There are plenty of optimisations that I have tried with CryptoMiniSat. I will try to list a few that I finally didn’t consider using, but could be implemented later to get around 4-8% speedup each.

It seems a good idea to use a separate CNF simplifier such as SatELite before executing the SAT solver. The reasoning is, that even though one can import (or copy-paste) the code from SatELite, the memory will stay fragmented: variable elimination might remove half the variables, and so the arrays that store variable values will have unused bytes in them, using a larger footprint than necessary, thus causing cache misses. Though this is true, SatELite is not exactly perfect. For instance, it can be seen in certain instances of the SAT Competition of 2009 that GLUCOSE sometimes had very bad performance in comparison with other solvers exactly because SatELite took, e.g. 130 seconds, but the solving only took 2 seconds. So SatELite slowed down the solving of this instance. Also, SatELite has some limitations, e.g. it cannot handle more than 4’800’000 clauses otherwise it might take just too much time. These are huge drawbacks, and in fact CryptoMiniSat (and, e.g. PrecoSat) overcomes all of these. The memory fragmentation issue remains, though. It could be treated, but that would require about 2-3 weeks of time to get corrected, and I simply don’t have that much time. P.S.: Easy solution: rename the variables everywhere. Hard (but less error-prone) solution: use different datastructure for variable values.

Another possible optimisation that never made it to CryptoMiniSat (though I have a branch in git that achieves it more-or-less) is the close packing of clauses in memory. It can greatly increase the cache-hit ratio, though only for relatively small (<20-40 MByte) problems. The reason why I never got this done is that it is a source of a lot of potential problems. Firstly, there is no point in packing clause sizes that are rare. The most common clause size is 2 (see SAT Competition instances), so it’s only logical to pack these clauses. However, this presents a problem: how should the clause be freed after usage? If it was a packed clause, it needs to be freed specially (from the packed heap). But sometimes, non-packed clauses shrink to size 2, so they should become packed. Must these clauses be freed, and then re-allocated from the packed heap? Doesn’t that add too much complexity? Also, according to my experience, packed heaps only help when the problem is small. For large problems, the cache miss rate will be very high anyway, and so packing won’t make much of a difference.

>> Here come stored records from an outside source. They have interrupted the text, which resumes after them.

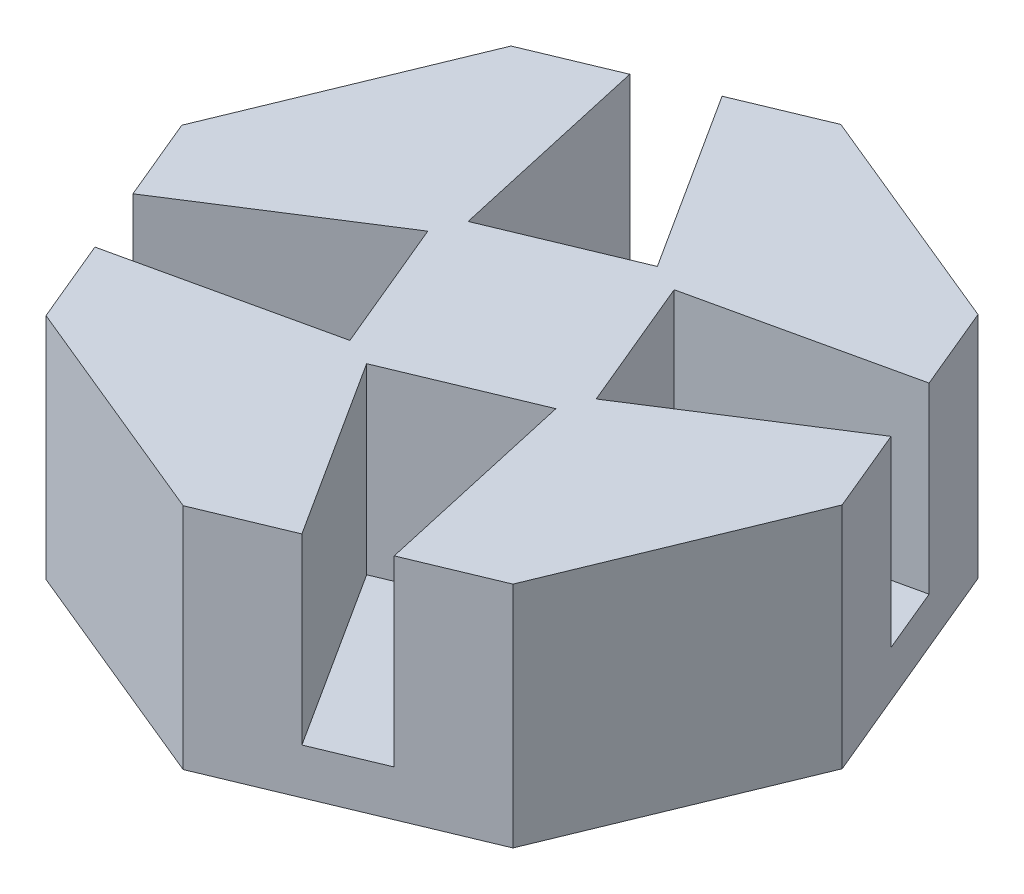
SolidWorks part; units mm, degrees
ref_plane "Front Plane" through (0, 0, 0) normal (0, 0, 1) x (1, 0, 0)
ref_plane "Top Plane" through (0, 0, 0) normal (0, 1, 0) x (1, 0, 0)
ref_plane "Right Plane" through (0, 0, 0) normal (1, 0, 0) x (0, 0, -1)
sketch "Sketch1" plane through (0, 0, 0) normal (0, 1, 0) x (1, 0, 0)
  line L1 (-0.112, 54.9379) -> (-38.9262, 38.7678)
  line L2 (-38.9262, 38.7678) -> (-54.9379, -0.112)
  line L3 (-54.9379, -0.112) -> (-38.7678, -38.9262)
  line L4 (-38.7678, -38.9262) -> (0.112, -54.9379)
  line L5 (0.112, -54.9379) -> (38.9262, -38.7678)
  line L6 (38.9262, -38.7678) -> (54.9379, 0.112)
  line L7 (54.9379, 0.112) -> (38.7678, 38.9262)
  line L8 (38.7678, 38.9262) -> (-0.112, 54.9379)
  circle A0 centre (0, 0) radius 50.7561 construction
  dimension "D2" = 101.5123
  dimension "D1" = 38.8798
  dimension "D3" = 42.0478
extrude "Boss-Extrude1" add sketch "Sketch1" along normal blind 38.1
sketch "Sketch2" plane through (0, 38.1, 0) normal (0, 1, 0) x (1, 0, 0)
  line L0 (19.5191, -46.8529) -> (6.0393, -14.4964) construction
  line L1 (-5.0979, -19.1362) -> (14.0872, -49.1158)
  line L2 (0.112, -54.9379) -> (38.9262, -38.7678) construction
  line L3 (17.1764, -9.8567) -> (24.9509, -44.5899)
  line L4 (-5.0979, -19.1362) -> (17.1764, -9.8567)
  line L5 (-19.1362, 5.0979) -> (-49.1158, -14.0872)
  line L6 (-19.1362, 5.0979) -> (-9.8567, -17.1764)
  line L7 (-9.8567, -17.1764) -> (-44.5899, -24.9509)
  line L8 (-46.8529, -19.5191) -> (-14.4964, -6.0393) construction
  line L9 (5.0979, 19.1362) -> (-14.0872, 49.1158)
  line L10 (5.0979, 19.1362) -> (-17.1764, 9.8567)
  line L11 (-17.1764, 9.8567) -> (-24.9509, 44.5899)
  line L12 (-19.5191, 46.8529) -> (-6.0393, 14.4964) construction
  line L13 (19.1362, -5.0979) -> (49.1158, 14.0872)
  line L14 (19.1362, -5.0979) -> (9.8567, 17.1764)
  line L15 (9.8567, 17.1764) -> (44.5899, 24.9509)
  line L16 (46.8529, 19.5191) -> (14.4964, 6.0393) construction
  point P30 (0, 0)
  line M17 (-0.112, 54.9379) -> (-38.9262, 38.7678)
  line M19 (-54.9379, -0.112) -> (-38.7678, -38.9262)
  line M21 (0.112, -54.9379) -> (38.9262, -38.7678)
  line M23 (54.9379, 0.112) -> (38.7678, 38.9262)
  dimension "D1" = 14.4964
  dimension "D2" = 24.13
  dimension "D3" = 35.052
  dimension "D4" = 80
  dimension "D5" = 80
  dimension "D6" = 4
  dimension "D7" = 14.4964
  dimension "D8" = 5.1465
extrude "Cut-Extrude1" cut sketch "Sketch2" along direction (0, 1, 0) on the side against the normal blind 30.48 contours L4 L1 L3 M21 | L7 L6 L5 M19 | L11 L10 L9 M17 | L15 L14 L13 M23
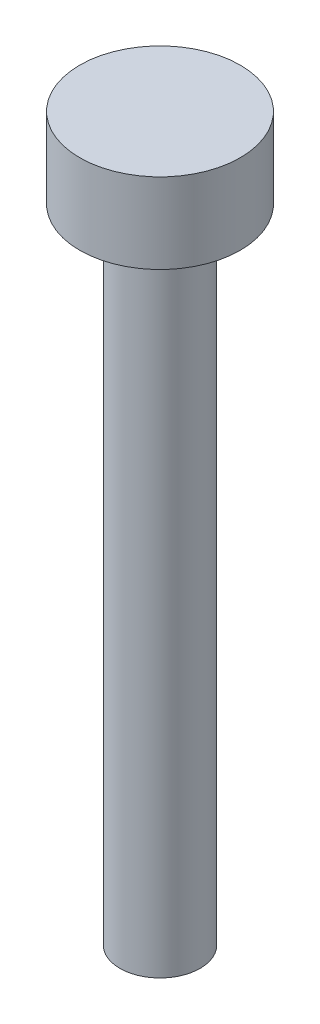
SolidWorks part; units mm, degrees
ref_plane "Front Plane" through (0, 0, 0) normal (0, 0, 1) x (1, 0, 0)
ref_plane "Top Plane" through (0, 0, 0) normal (0, 1, 0) x (1, 0, 0)
ref_plane "Right Plane" through (0, 0, 0) normal (1, 0, 0) x (0, 0, -1)
sketch "Sketch1" plane through (0, 0, 0) normal (0, 1, 0) x (1, 0, 0)
  circle A0 centre (0, 0) radius 3.175
  dimension "D1" = 6.35
extrude "Boss-Extrude1" add sketch "Sketch1" along normal blind 50.8
sketch "Sketch2" plane through (0, 50.8, 0) normal (0, 1, 0) x (1, 0, 0)
  circle A0 centre (0, 0) radius 6.35
  dimension "D1" = 12.7
extrude "Boss-Extrude2" add sketch "Sketch2" along normal blind 6.35
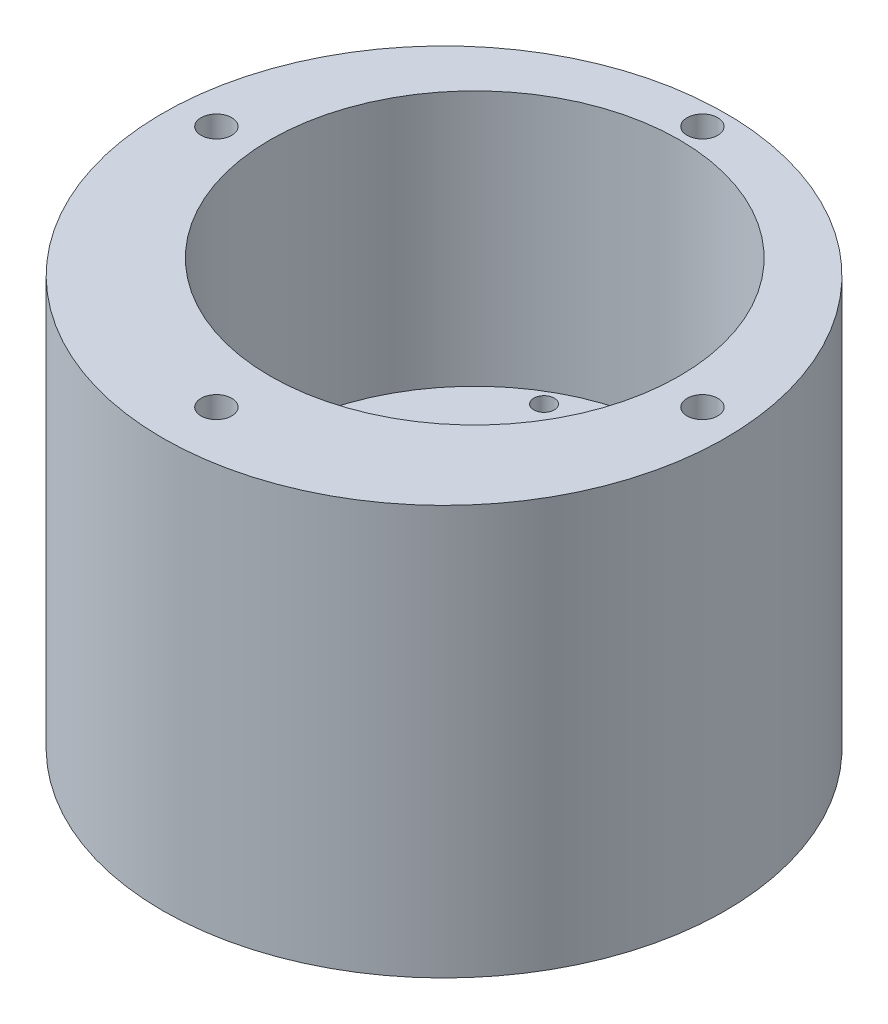
SolidWorks part; units mm, degrees
ref_plane "Front Plane" through (0, 0, 0) normal (0, 0, 1) x (1, 0, 0)
ref_plane "Top Plane" through (0, 0, 0) normal (0, 1, 0) x (1, 0, 0)
ref_plane "Right Plane" through (0, 0, 0) normal (1, 0, 0) x (0, 0, -1)
sketch "Sketch1" plane through (0, 0, 0) normal (0, 1, 0) x (1, 0, 0)
  line L0 (10, 17.3205) -> (9.25, 16.0215) construction
  line L1 (-9.25, 16.0215) -> (9.25, 16.0215) construction
  line L2 (0, 20) -> (0, 0) construction
  line L3 (9.25, -16.0215) -> (10, -17.3205) construction
  circle A0 centre (0, 0) radius 20
  circle A1 centre (0, 10) radius 10
  circle A2 centre (9.25, 16.0215) radius 1
  circle A3 centre (18.5, 0) radius 1
  circle A4 centre (9.25, -16.0215) radius 1
  circle A5 centre (-9.25, -16.0215) radius 1
  circle A6 centre (-18.5, 0) radius 1
  circle A7 centre (-9.25, 16.0215) radius 1
  circle A8 centre (0, -3) radius 27.5
  point P23 (0, 16.0215)
  dimension "D1" = 40
  dimension "D2" = 20
  dimension "D3" = 2
  dimension "D7" = 55
  dimension "D4" = 1.5
  dimension "D6" = 1.5
  dimension "D8" = 3
  dimension "D5" = 6
extrude "Boss-Extrude2" add sketch "Sketch1" along normal blind 15 contours A0 A8 | A0 A1 A7 A6 A5 A4 A3 A2 | A1
sketch "Sketch2" plane through (0, 15, 0) normal (0, 1, 0) x (1, 0, 0)
  circle A0 centre (0, 10) radius 9
  circle A1 centre (0, 10) radius 10 construction
  dimension "D1" = 18
extrude "Cut-Extrude17" cut sketch "Sketch2" against normal through all both and the other way through all
ref_plane "Plane2" through (0, 15, 0) normal (0, 1, 0) x (1, 0, 0)
sketch "Sketch7" plane through (0, 15, 0) normal (0, 1, 0) x (1, 0, 0)
  circle A0 centre (0, 0) radius 20
  circle A1 centre (0, -3) radius 27.5
  circle A2 centre (0, 0) radius 20 construction
  circle A3 centre (0, -3) radius 27.5 construction
extrude "Boss-Extrude4" add sketch "Sketch7" along normal blind 25 contours A1 | A0
sketch "Sketch8" plane through (0, 40, 0) normal (0, 1, 0) x (1, 0, 0)
  line L0 (0, 24.5) -> (0, 20) construction
  line L1 (0, -20) -> (0, -30.5) construction
  circle A0 centre (0, 22.25) radius 1.5
  circle A1 centre (0, -3) radius 27.5 construction
  circle A2 centre (0, 0) radius 20 construction
  circle A3 centre (23.75, -1.5) radius 1.5
  circle A4 centre (0, -25.25) radius 1.5
  circle A5 centre (-23.75, -1.5) radius 1.5
  circle A6 centre (0, 0) radius 20 construction
  point P2 (0, 0)
  point P20 (0, 0)
  point P21 (0, 0)
  dimension "D1" = 3
  dimension "D2" = 4
extrude "Cut-Extrude18" cut sketch "Sketch8" against normal through all both and the other way through all

There are some other optimisations that I missed out on, I think. I will one day look through my very messy git tree (with 41 branches and approx. 1600 commits) to see which ones did I once implement and never got working :)

PS: After the start of the SAT Race 2010, I will put all of the git tree up into gitorious. Then, everyone can use it and try to merge these trees into the main tree, and see what happens.